The typical furnace filter familiar to most homeowners—that cardboard rectangle with some fuzzy stuff behind mesh, meant to be tossed out every month or so—is not designed to help your family breathe better. It is intended to stop only the largest airborne particulate from entering your furnace and damaging its insides. For truly effective home filtration that can reduce allergy symptoms, you need a better filtration system.
For the duct work in your home you can use a range of filters, starting with those cheap disposable ones and going all the way up to hospital-grade HEPA filtration. With each jump in filter strength, though, you reduce airflow. The key to improving allergy symptoms is to balance filtration effectiveness with airflow. Some anti-allergen choices:
- pleated filters
- electrostatic permanent filters
- deep-media filters
- UV germicidal lights
Some filters and cleaners need professional installation and maintenance. The best method for selecting a home filtration system to reduce allergens and contaminants in your air is to discuss options with your professional HVAC contractor.

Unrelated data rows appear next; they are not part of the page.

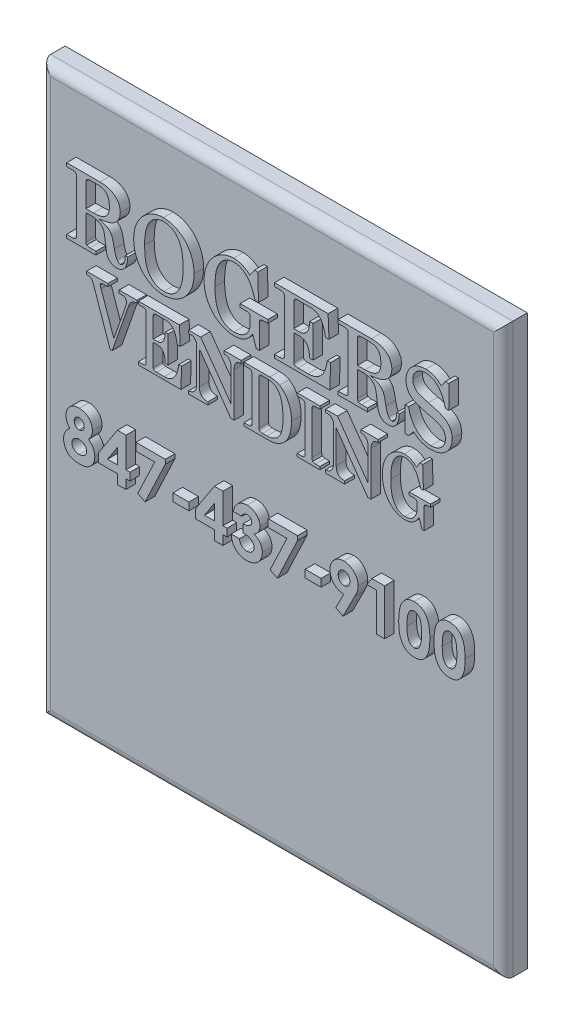
from build123d import *

# Parameters (mm, degrees)
SKETCH1_W           = 48
SKETCH1_H           = 59
BOSS_EXTRUDE1_DEPTH = 2.5
FILLET1_R           = 1
SKETCH6_W           = 1.648557692
SKETCH6_H           = 0.79375
SKETCH6_W_2         = 1.648557693
BOSS_EXTRUDE4_DEPTH = 1
BOSS_EXTRUDE6_DEPTH = 1


with BuildPart() as part:
    # Sketch1 → Boss-Extrude1 (new body)
    with BuildSketch(Plane.XY):
        with Locations((-3.780961053, 5.328467621)):
            Rectangle(SKETCH1_W, SKETCH1_H)
    extrude(amount=BOSS_EXTRUDE1_DEPTH)

    # Fillet1
    fillet1_edges = [part.edges().sort_by_distance(p)[0] for p in [
        (-3.780961053, -24.171532379, 2.5),
        (-27.780961053, 5.328467621, 2.5),
        (20.219038947, 5.328467621, 2.5),
        (-3.780961053, 34.828467621, 2.5),
    ]]
    fillet(fillet1_edges, radius=FILLET1_R)

    # Sketch6 → Boss-Extrude4 (add)
    # profile 1 of 12: a face of its own
    with BuildSketch(Plane.XY.offset(2.5)):
        with BuildLine():
            add(Edge.make_bspline(
                [(-21.855948381, 4.159518513), (-21.80600757, 4.123834454), (-21.707154241, 4.053201079), (-21.576605152, 3.926658747), (-21.464156874, 3.785499308), (-21.370990234, 3.630588605), (-21.296347933, 3.465734385), (-21.242915371, 3.292698741), (-21.208975621, 3.113007891), (-21.205268387, 2.990669348), (-21.203394295, 2.928824402)],
                knots=[0, 0, 0, 0, 1.013736912, 2.006600758, 2.994453809, 3.989973287, 4.987781207, 5.978959008, 6.978317308, 8, 8, 8, 8], degree=3))
            add(Edge.make_bspline(
                [(-21.203394295, 2.928824402), (-21.205655244, 2.861857211), (-21.210139547, 2.729036382), (-21.249786776, 2.534254657), (-21.313438812, 2.347125595), (-21.400431741, 2.169714627), (-21.509504873, 2.007535007), (-21.636639754, 1.863959824), (-21.781996645, 1.742738794), (-21.917328029, 1.660491107), (-22.033812478, 1.605855523), (-22.127814407, 1.570889847), (-22.227074265, 1.540107461), (-22.332300356, 1.515514377), (-22.443473546, 1.496315439), (-22.560435178, 1.483636497), (-22.683262245, 1.474419678), (-22.767025111, 1.473468018), (-22.809974824, 1.472980051)],
                knots=[0, 0, 0, 0, 1.313679292, 2.605514271, 3.884962679, 5.186178731, 6.472827995, 7.711026938, 8.938935107, 10.174644318, 10.808706728, 11.462743532, 12.142127587, 12.847854939, 13.582806024, 14.355735269, 15.156897313, 16, 16, 16, 16], degree=3))
            add(Edge.make_bspline(
                [(-22.809974824, 1.472980051), (-22.855776432, 1.47360133), (-22.945217941, 1.474814566), (-23.075782621, 1.48215043), (-23.198943686, 1.495674917), (-23.314959487, 1.513478859), (-23.423718405, 1.537038633), (-23.525223661, 1.566911136), (-23.619720351, 1.600924305), (-23.735389262, 1.652712273), (-23.867577852, 1.733590275), (-24.010449813, 1.852033778), (-24.135854842, 1.99310369), (-24.244882637, 2.1528402), (-24.330822455, 2.33026061), (-24.394729865, 2.51979627), (-24.43257659, 2.720933563), (-24.437132912, 2.858702719), (-24.439451987, 2.928824402)],
                knots=[0, 0, 0, 0, 0.886964665, 1.7320671, 2.531131818, 3.285397207, 4.004107883, 4.684213108, 5.332925796, 5.947568694, 7.135706876, 8.320776993, 9.52873045, 10.778999824, 12.05415135, 13.333578234, 14.642845846, 16, 16, 16, 16], degree=3))
            add(Edge.make_bspline(
                [(-24.439451987, 2.928824402), (-24.437332741, 2.989994035), (-24.433168167, 3.110199771), (-24.403336755, 3.28633919), (-24.352184949, 3.453340201), (-24.28199671, 3.612365397), (-24.191490167, 3.763432472), (-24.080130117, 3.905429869), (-23.949328494, 4.039638603), (-23.850139179, 4.118895717), (-23.799300244, 4.159518513)],
                knots=[0, 0, 0, 0, 1.01821053, 2.000906977, 2.963938143, 3.919209931, 4.888045165, 5.887808425, 6.917407893, 8, 8, 8, 8], degree=3))
            add(Edge.make_bspline(
                [(-23.799300244, 4.159518513), (-23.830817687, 4.195869272), (-23.89286604, 4.26743297), (-23.97315722, 4.382609037), (-24.040799158, 4.501355684), (-24.098230383, 4.622709218), (-24.14068501, 4.748759044), (-24.172790494, 4.877523401), (-24.190949325, 5.010314103), (-24.193787605, 5.099818983), (-24.195221218, 5.145027828)],
                knots=[0, 0, 0, 0, 1.061529281, 2.089831458, 3.092927091, 4.075998741, 5.048384512, 6.024008542, 7.00192825, 8, 8, 8, 8], degree=3))
            add(Edge.make_bspline(
                [(-24.195221218, 5.145027828), (-24.193320465, 5.206227276), (-24.189570353, 5.32697143), (-24.156355828, 5.503527892), (-24.101211651, 5.671291719), (-24.026192691, 5.829771725), (-23.930930271, 5.975514009), (-23.817737892, 6.106212257), (-23.685024292, 6.217079044), (-23.537724733, 6.312207641), (-23.37510088, 6.387872045), (-23.198695692, 6.440816328), (-23.010639287, 6.47433285), (-22.881036426, 6.477890893), (-22.814744956, 6.479710821)],
                knots=[0, 0, 0, 0, 1.022455555, 2.017265428, 2.990720743, 3.968117071, 4.939886797, 5.893155559, 6.847550415, 7.820889576, 8.817530429, 9.83499769, 10.892607882, 12, 12, 12, 12], degree=3))
            add(Edge.make_bspline(
                [(-22.814744956, 6.479710821), (-22.749408256, 6.477887914), (-22.622015371, 6.474333628), (-22.437263806, 6.441039187), (-22.264670768, 6.38691556), (-22.105663475, 6.309653543), (-21.95988728, 6.214341597), (-21.829429249, 6.099614532), (-21.716592071, 5.965661031), (-21.620538913, 5.816148438), (-21.543999305, 5.655070281), (-21.487413844, 5.486146394), (-21.454684145, 5.310704534), (-21.4499875, 5.191587789), (-21.447625064, 5.131671458)],
                knots=[0, 0, 0, 0, 1.094655142, 2.134348324, 3.136019022, 4.118575226, 5.088726318, 6.048298823, 7.020513804, 8.015920439, 9.020015034, 10.003048569, 10.995523219, 12, 12, 12, 12], degree=3))
            add(Edge.make_bspline(
                [(-21.447625064, 5.131671458), (-21.448763106, 5.089325834), (-21.450996429, 5.006225715), (-21.467509169, 4.883795787), (-21.495314596, 4.766324106), (-21.534081658, 4.650971866), (-21.587981107, 4.534604302), (-21.660919593, 4.414991601), (-21.749639684, 4.287163832), (-21.819316004, 4.203503169), (-21.855948381, 4.159518513)],
                knots=[0, 0, 0, 0, 0.940746401, 1.846144481, 2.739104268, 3.619506754, 4.545839139, 5.581956076, 6.728711598, 8, 8, 8, 8], degree=3))
        make_face()
        with BuildLine():
            add(Edge.make_bspline(
                [(-22.835733538, 5.624903128), (-22.870927755, 5.623206441), (-22.939388285, 5.61990601), (-23.037073443, 5.590115964), (-23.124895588, 5.541392226), (-23.200850006, 5.474338774), (-23.263136588, 5.392979454), (-23.308913803, 5.299440291), (-23.336060233, 5.194875662), (-23.33893421, 5.121657526), (-23.340413526, 5.083970135)],
                knots=[0, 0, 0, 0, 1.018099191, 1.980427864, 2.929421084, 3.909248076, 4.895556904, 5.880788387, 6.909183412, 8, 8, 8, 8], degree=3))
            add(Edge.make_bspline(
                [(-23.340413526, 5.083970135), (-23.338586119, 5.045960887), (-23.335017931, 4.971744165), (-23.306958142, 4.865170509), (-23.259129455, 4.768584469), (-23.193460992, 4.684003411), (-23.113663176, 4.614920049), (-23.024314083, 4.562158022), (-22.924422817, 4.532037549), (-22.855007973, 4.527953106), (-22.819515088, 4.525864667)],
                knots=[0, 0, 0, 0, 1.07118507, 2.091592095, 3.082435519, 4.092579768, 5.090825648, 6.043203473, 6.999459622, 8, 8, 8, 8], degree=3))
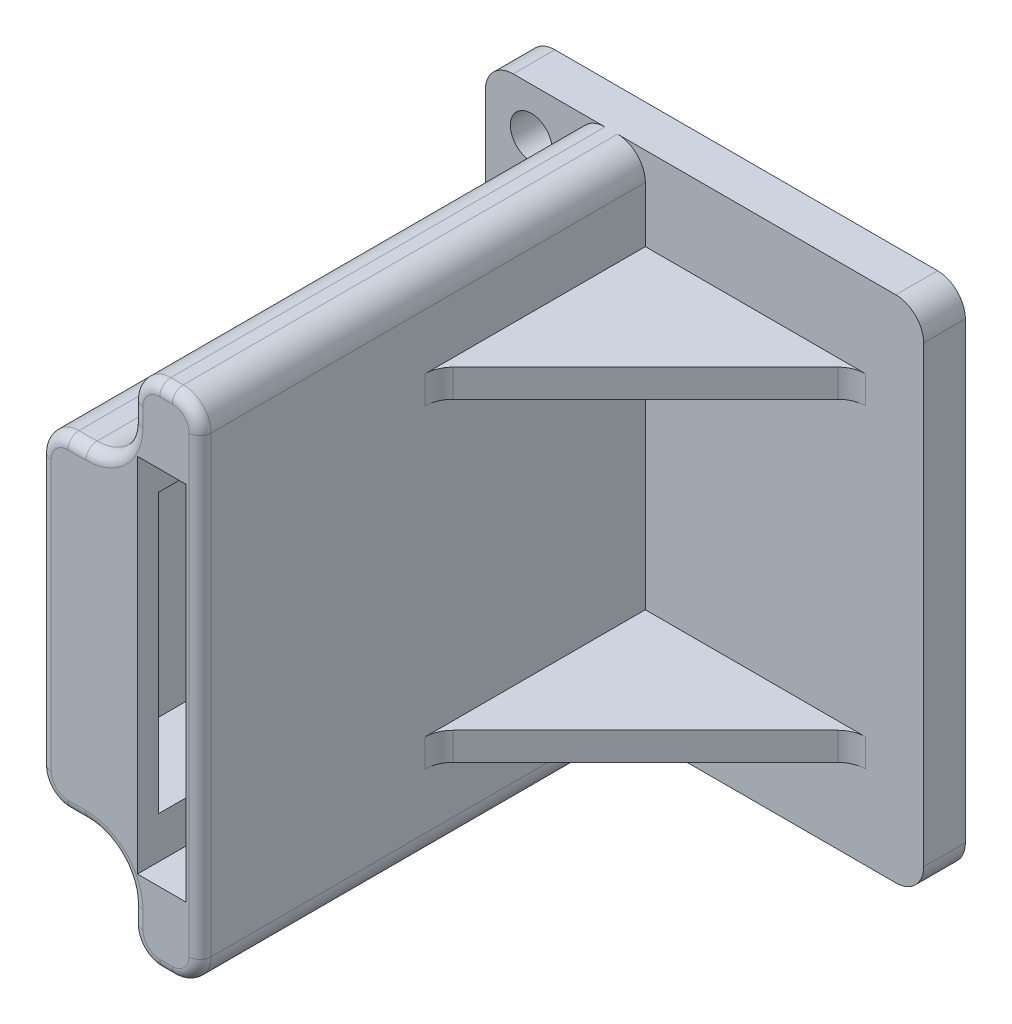
from build123d import *

# Parameters (mm, degrees)
SKETCH1_W           = 14.605
SKETCH1_H           = 46.482
SKETCH1_R           = 1.905
BOSS_EXTRUDE1_DEPTH = 44.45
SKETCH2_W           = 4.445
SKETCH2_H           = 33.02
CUT_EXTRUDE1_DEPTH  = 38.1
SKETCH3_W           = 42.545
SKETCH3_H           = 25.4
CUT_EXTRUDE2_DEPTH  = 12.065
CUT_EXTRUDE3_DEPTH  = 40.64
SKETCH5_W           = 25.4
SKETCH5_H           = 46.482
BOSS_EXTRUDE2_DEPTH = 3.81
FILLET1_R           = 2.54
FILLET2_R           = 1.016
CHAMFER1_SIZE       = 7.62
BOSS_EXTRUDE3_START = -7.62
BOSS_EXTRUDE3_DEPTH = 2.54
FILLET4_R           = 2.54


with BuildPart() as part:
    # Sketch1 → Boss-Extrude1 (new body)
    with BuildSketch(Plane.XY):
        with Locations((7.3025, 23.241)):
            Rectangle(SKETCH1_W, SKETCH1_H)
        with Locations((4.191, 42.291)):
            Circle(SKETCH1_R, mode=Mode.SUBTRACT)
        with Locations((4.191, 4.191)):
            Circle(SKETCH1_R, mode=Mode.SUBTRACT)
    extrude(amount=BOSS_EXTRUDE1_DEPTH)

    # Sketch2 → Cut-Extrude1 (cut)
    with BuildSketch(Plane.XY.offset(44.45)):
        with Locations((11.1125, 23.241)):
            Rectangle(SKETCH2_W, SKETCH2_H)
    extrude(amount=-CUT_EXTRUDE1_DEPTH, mode=Mode.SUBTRACT)

    # Sketch3 → Cut-Extrude2 (cut)
    with BuildSketch(Plane.ZY.offset(-13.335)):
        with Locations((21.2725, 23.241)):
            Rectangle(SKETCH3_W, SKETCH3_H)
    extrude(amount=CUT_EXTRUDE2_DEPTH, mode=Mode.SUBTRACT)

    # Sketch4 → Cut-Extrude3 (cut)
    with BuildSketch(Plane.XY.offset(44.45)):
        with BuildLine():
            Line((4.191, 38.1), (0, 38.1))
            Line((0, 38.1), (0, 46.482))
            Line((0, 46.482), (8.382, 46.482))
            Line((8.382, 46.482), (8.382, 42.291))
            ThreePointArc((8.382, 42.291), (7.15448452, 39.32751548), (4.191, 38.1))
        make_face()
        with BuildLine():
            Line((4.191, 8.382), (0, 8.382))
            Line((0, 8.382), (0, 0))
            Line((0, 0), (8.382, 0))
            Line((8.382, 0), (8.382, 4.191))
            ThreePointArc((8.382, 4.191), (7.15448452, 7.15448452), (4.191, 8.382))
        make_face()
    extrude(amount=-CUT_EXTRUDE3_DEPTH, mode=Mode.SUBTRACT)

    # Sketch5 → Boss-Extrude2 (add)
    with BuildSketch(Plane(origin=(0, 0, 0), x_dir=(-1, 0, 0), z_dir=(0, 0, -1))):
        with Locations((-27.305, 23.241)):
            Rectangle(SKETCH5_W, SKETCH5_H)
    extrude(amount=-BOSS_EXTRUDE2_DEPTH)

    # Fillet1
    fillet1_edges = [part.edges().sort_by_distance(p)[0] for p in [
        (8.382, 46.482, 24.13),
        (0, 38.1, 24.13),
        (0, 8.382, 24.13),
        (8.382, 0, 24.13),
        (0, 0, 1.905),
        (14.605, 0, 24.13),
        (14.605, 46.482, 24.13),
        (0, 46.482, 1.905),
        (40.005, 0, 1.905),
        (40.005, 46.482, 1.905),
    ]]
    fillet(fillet1_edges, radius=FILLET1_R)

    # Fillet2
    fillet2_edges = [part.edges().sort_by_distance(p)[0] for p in [
        (11.4935, 0, 44.45),
        (0, 23.241, 44.45),
        (11.4935, 46.482, 44.45),
        (8.382, 3.3655, 44.45),
        (14.605, 23.241, 44.45),
        (3.3655, 38.1, 44.45),
        (13.861051224, 45.738051224, 44.45),
        (13.861051224, 0.743948776, 44.45),
        (9.125948776, 0.743948776, 44.45),
        (0.743948776, 9.125948776, 44.45),
        (0.743948776, 37.356051224, 44.45),
        (9.125948776, 45.738051224, 44.45),
        (7.15448452, 39.32751548, 44.45),
        (8.382, 43.1165, 44.45),
        (7.15448452, 7.15448452, 44.45),
        (3.3655, 8.382, 44.45),
    ]]
    fillet(fillet2_edges, radius=FILLET2_R)

    # Chamfer1
    chamfer1_edges = [part.edges().sort_by_distance(p)[0] for p in [
        (1.27, 23.241, 42.545),
    ]]
    chamfer(chamfer1_edges, length=CHAMFER1_SIZE - 0.0001)  # a hair under: the kernel refuses the full size

    # Sketch6 → Boss-Extrude3 (add)
    with BuildSketch(Plane.XZ.offset(BOSS_EXTRUDE3_START)):
        Polygon((14.605, 22.86), (33.655, 3.81), (14.605, 3.81), align=None)
    boss_extrude3 = extrude(amount=-BOSS_EXTRUDE3_DEPTH)

    # Mirror1: Boss-Extrude3 across plane
    add(boss_extrude3.mirror(Plane(origin=(0, 23.241, 0), x_dir=(0, 0, 1), z_dir=(0, -1, 0))))

    # Fillet4
    fillet4_edges = [part.edges().sort_by_distance(p)[0] for p in [
        (14.605, 8.89, 22.86),
        (33.655, 8.89, 3.81),
        (14.605, 37.592, 22.86),
        (33.655, 37.592, 3.81),
    ]]
    fillet(fillet4_edges, radius=FILLET4_R)


solid = part.part

The Environmental Protection Agency recommends a three-prong strategy to reducing indoor allergens:
- Reduce the source—smoke outside; purchase solid wood furniture that avoids formaldehyde used in composition wood; vacuum daily; use hardwood or laminate flooring and reduce fabric use in the home
- Ventilate—in fine weather, open your home to let fresh air in and remove stale air; use kitchen and bathroom fans frequently in all weather
- Clean the air—use mechanical filters and germicidal light
The Minimum Efficiency Reporting Value (MERV) is a number on a scale from 1 to 20 that lets you know how effective a particular filter is, from the cheapest (MERV 3) to clean room-grade (MERV 19 and 20). This filter mechanically blocks particulates that are swept up in your home’s airstream as the return air ducts pull spent air back to the furnace or central air conditioner for fresh treatment.
High Efficiency Particulate Air (HEPA) filters mechanically intercept micron-sized particles. A micron is one-millionth of a meter; a human hair is 50 microns wide. The HEPA filter:
- Blocks large particles in its fibers—10 microns and larger
- Alters the course of mid-sized particles, which stick to the fibers—one to nine microns
- Slows down the tiniest particles, which then stick—down to 0.3 microns
HEPA filters capture nearly every allergen that could cause symptoms in family members. Indoor air quality is greatly improved with a home filtration system.